Pick every line out of the entries below that holds the string "height", and report them.

MATERIAL SUPPLIED:
• • • • •

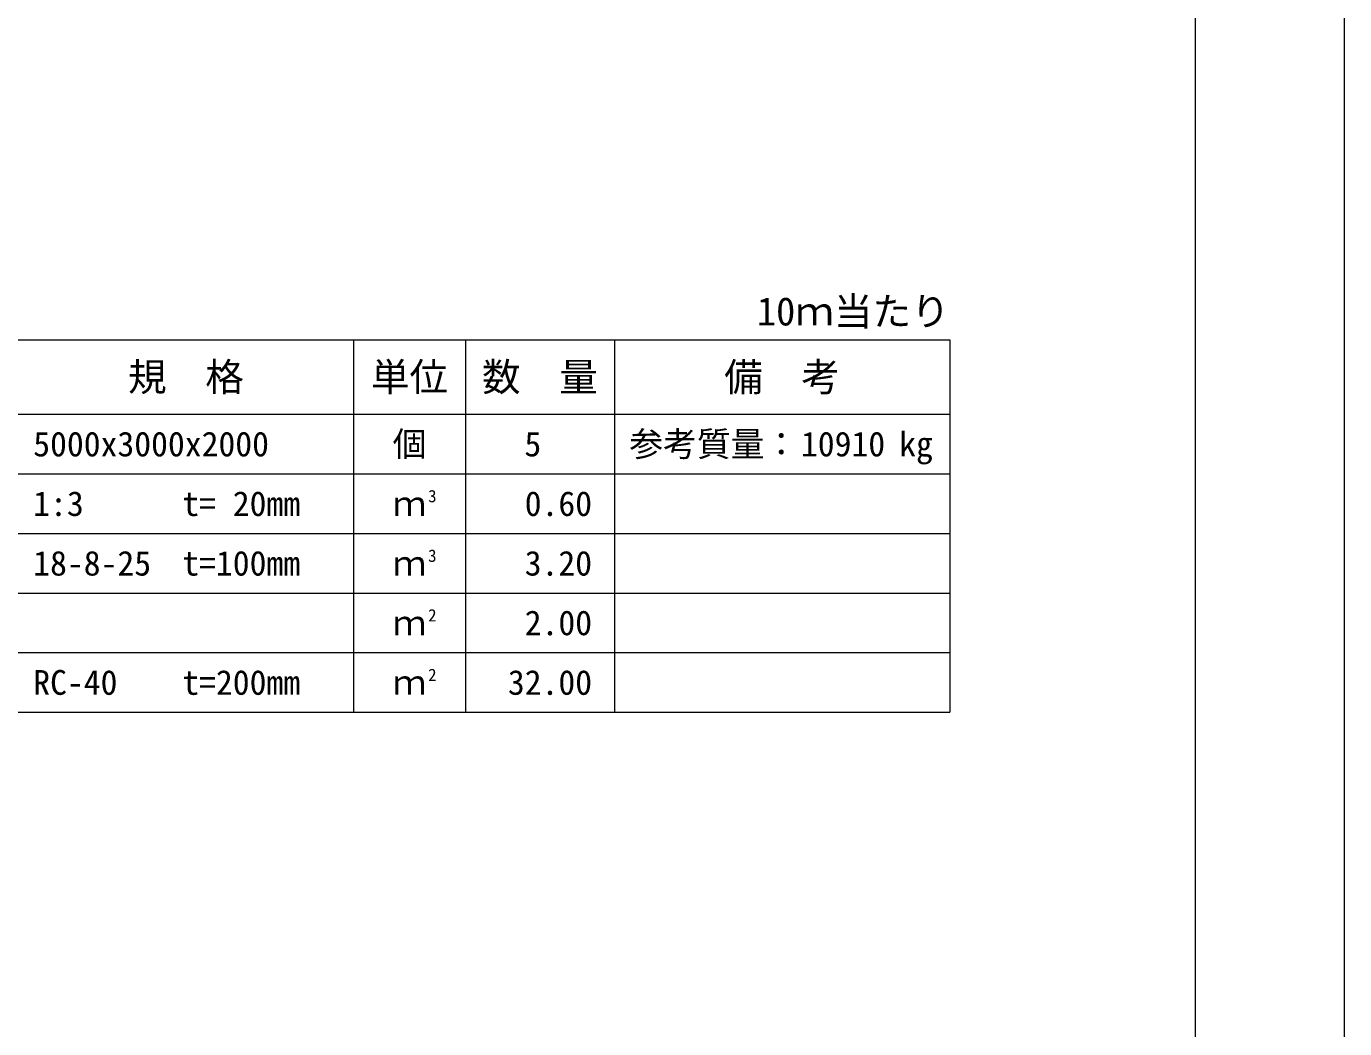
# Model space of a CAD drawing. Units: millimetres at full size; details may follow other scales. Extents: x 0 to 42050, y 0 to 29700.
# Drawn here: x 33204 to 42050, y 6726 to 13453 of the extents above; entities that cross this region are included whole.
import ezdxf
from ezdxf.enums import TextEntityAlignment as Align

# ---------------------------------------------------------------- set-up
doc = ezdxf.new("R2010")
doc.units = ezdxf.units.MM
doc.header["$LTSCALE"] = 50
doc.layers.add('D-MTR', color=7, linetype='Continuous')
doc.layers.add('D-MTR-TXT', color=7, linetype='Continuous')
for name, color, linetype, lineweight in [('D-MTR-FRAM', 7, 'Continuous', 13), ('D-MTR-LINE', 7, 'Continuous', 13), ('D-TTL', 2, 'Continuous', 13)]:
    doc.layers.add(name, color=color, linetype=linetype, lineweight=lineweight)
doc.styles.add('ＭＳ ゴシック', font='')
doc.styles.get('ＭＳ ゴシック').set_extended_font_data('MS Gothic')

msp = doc.modelspace()

# ---------------------------------------------------------------- linework, layer by layer
at = {"layer": 'D-MTR-FRAM'}
for p, q in [((30650, 11350), (39400, 11350)), ((39400, 11350), (39400, 8850)), ((30650, 8850), (39400, 8850))]:
    msp.add_line(p, q, dxfattribs=at)
at = {"layer": 'D-MTR-LINE'}
for p, q in [((35400, 11350), (35400, 8850)), ((36150, 11350), (36150, 8850)), ((37150, 11350), (37150, 8850)), ((30650, 10850), (39400, 10850)), ((30650, 10450), (39400, 10450)), ((30650, 10050), (39400, 10050)), ((30650, 9650), (39400, 9650)), ((30650, 9250), (39400, 9250))]:
    msp.add_line(p, q, dxfattribs=at)
at = {"layer": 'D-TTL'}
for points in [[(0, 0), (42050, 0), (42050, 29700), (0, 29700)], [(1000, 1000), (41050, 1000), (41050, 28700), (1000, 28700)]]:
    msp.add_lwpolyline(points, close=True, dxfattribs=at)

# ---------------------------------------------------------------- texts
at = {"layer": 'D-MTR', "style": 'ＭＳ ゴシック'}
msp.add_text('10ｍ当たり', height=189.9, dxfattribs=at).set_placement((39400, 11388.58), align=Align.BOTTOM_RIGHT)
at = {"layer": 'D-MTR-TXT', "style": 'ＭＳ ゴシック'}
for s, height, p in [('規\u3000格', 189.9, (34275, 11100)), ('単位', 189.9, (35775, 11100)), ('数\u3000量', 189.9, (36650, 11100)), ('備\u3000考', 189.9, (38275, 11100)), ('個', 166.1, (35775, 10650)), ('ｍ', 166.1, (35775, 10250)), ('ｍ', 166.1, (35775, 9850)), ('ｍ', 166.1, (35775, 9450)), ('ｍ', 166.1, (35775, 9050))]:
    msp.add_text(s, height=height, dxfattribs=at).set_placement(p, align=Align.MIDDLE_CENTER)
for s, p in [('5000x3000x2000', (33250, 10650)), ('参考質量：      kg', (37250, 10650)), ('1:3', (33250, 10250)), ('t= 20mm', (34250, 10250)), ('18-8-25', (33250, 9850)), ('t=100mm', (34250, 9850)), ('RC-40', (33250, 9050)), ('t=200mm', (34250, 9050))]:
    msp.add_text(s, height=166.1, dxfattribs=at).set_placement(p, align=Align.MIDDLE_LEFT)
for s, p in [('5', (36658.88, 10650)), ('10910', (38966.67, 10650)), ('0.60', (37000, 10250)), ('3.20', (37000, 9850)), ('2.00', (37000, 9450)), ('32.00', (37000, 9050))]:
    msp.add_text(s, height=166.1, dxfattribs=at).set_placement(p, align=Align.MIDDLE_RIGHT)
for s, p in [('3', (35900, 10234.07)), ('3', (35900, 9834.07)), ('2', (35900, 9434.07)), ('2', (35900, 9034.07))]:
    msp.add_text(s, height=83.07, dxfattribs=at).set_placement(p, align=Align.BOTTOM_LEFT)

doc.saveas('drawing.dxf')

• • • • •

RESULT OF THIS TASK:
msp.add_text('10ｍ当たり', height=189.9, dxfattribs=at).set_placement((39400, 11388.58), align=Align.BOTTOM_RIGHT)
for s, height, p in [('規\u3000格', 189.9, (34275, 11100)), ('単位', 189.9, (35775, 11100)), ('数\u3000量', 189.9, (36650, 11100)), ('備\u3000考', 189.9, (38275, 11100)), ('個', 166.1, (35775, 10650)), ('ｍ', 166.1, (35775, 10250)), ('ｍ', 166.1, (35775, 9850)), ('ｍ', 166.1, (35775, 9450)), ('ｍ', 166.1, (35775, 9050))]:
    msp.add_text(s, height=height, dxfattribs=at).set_placement(p, align=Align.MIDDLE_CENTER)
    msp.add_text(s, height=166.1, dxfattribs=at).set_placement(p, align=Align.MIDDLE_LEFT)
    msp.add_text(s, height=166.1, dxfattribs=at).set_placement(p, align=Align.MIDDLE_RIGHT)
    msp.add_text(s, height=83.07, dxfattribs=at).set_placement(p, align=Align.BOTTOM_LEFT)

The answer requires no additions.